Wafer-scale ultrathin and uniform van der Waals ferroelectric oxide

Ferroelectrics have great potential for nonvolatile memory and next-generation electronics, but conventional ferroelectric oxide films generally suffer structural nonuniformity, interfacial depolarization, and performance degradation, particularly when downscaled to advanced technology nodes. We demonstrate uniform, wafer-scale synthesis and back-end-of-line–compatible integration of ultrathin van der Waals (vdW) high-dielectric constant ferroelectric oxide Bi 2 SeO 5 , retaining an optimal coercive field and robust ferroelectricity at monolayer thickness.

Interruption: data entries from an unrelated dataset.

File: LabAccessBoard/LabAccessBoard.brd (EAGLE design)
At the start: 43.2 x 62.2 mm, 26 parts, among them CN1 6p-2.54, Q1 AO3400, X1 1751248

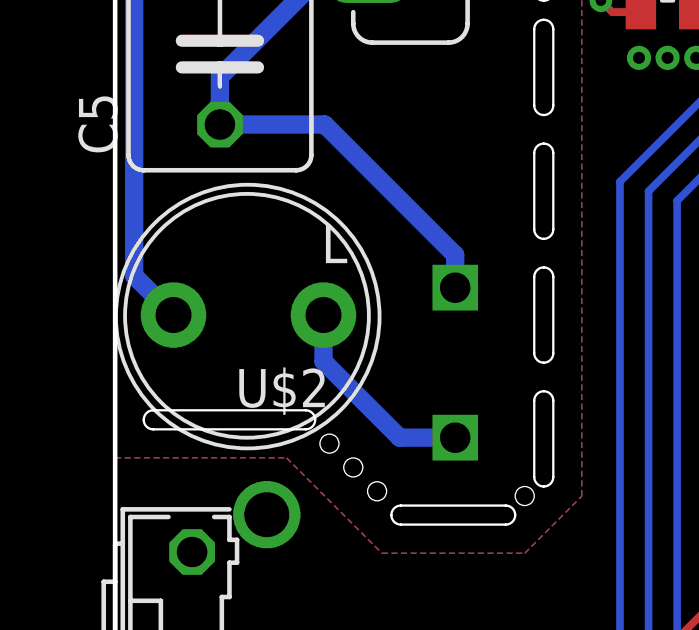
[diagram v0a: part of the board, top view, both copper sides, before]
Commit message: started firmware development
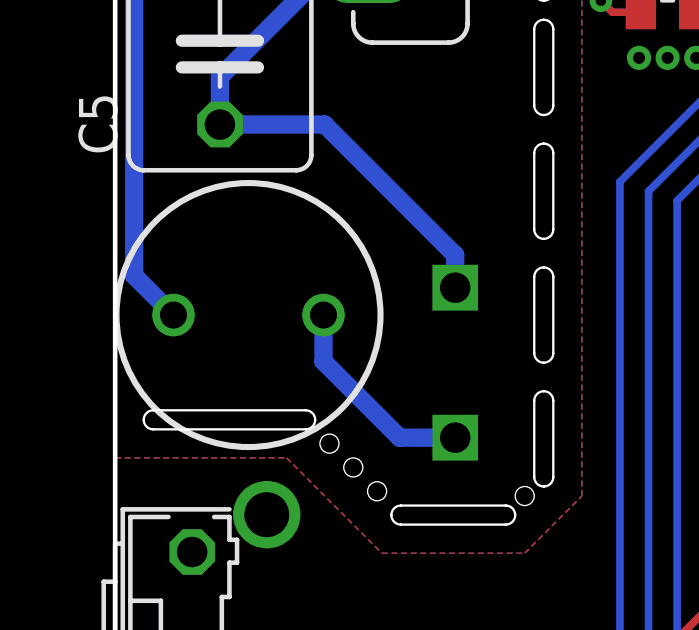
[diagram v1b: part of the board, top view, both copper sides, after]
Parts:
- U$2: value L -> (none); device adafruit:6000 -> rcl:6000-XXXX-RC
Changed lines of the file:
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@@
 <attribute name="SPICEPREFIX" value="C" x="3.4925" y="26.67" size="1.778" layer="27" rot="R90" display="off"/>
 </element>
-<element name="U$2" library="adafruit" library_urn="urn:adsk.eagle:library:420" package="6000" value="L" x="4.445" y="15.24" rot="R180"/>
+<element name="U$2" library="rcl" library_urn="urn:adsk.eagle:library:334" package="6000-XXXX-RC" package3d_urn="urn:adsk.eagle:package:23538/1" value="" x="4.445" y="15.24" smashed="yes" rot="R180">
+<attribute name="SPICEPREFIX" value="L" x="4.445" y="15.24" size="1.778" layer="27" rot="R180" display="off"/>
+<attribute name="VALUE" x="8.9506" y="21.6506" size="1.27" layer="27" rot="R180"/>
+</element>
 <element name="C6" library="rcl" library_urn="urn:adsk.eagle:library:334" package="C0805K" package3d_urn="urn:adsk.eagle:package:23681/2" value="22uF" x="26.3525" y="29.845" rot="R180">
 <attribute name="SPICEPREFIX" value="C" x="26.3525" y="29.845" size="1.778" layer="27" rot="R180" display="off"/>

Ultrathin vdW ferroelectric oxides formed atomically uniform interfaces with two-dimensional semiconductors and yielded ferroelectric field-effect transistor (FeFET) arrays with a low operating voltage (0.8 volts), exceptional cycling endurance (>1.5 × 10 12 cycles), fast write speed (20 nanoseconds), high on/off ratio (10 6 ), 10-year retention, ultralow energy consumption (2.8 femtojoules per bit per square micrometer), and <5% device-to-device variation. Reconfigurable logic-in-memory circuits with these FeFETs function at supply voltages of <1 volt.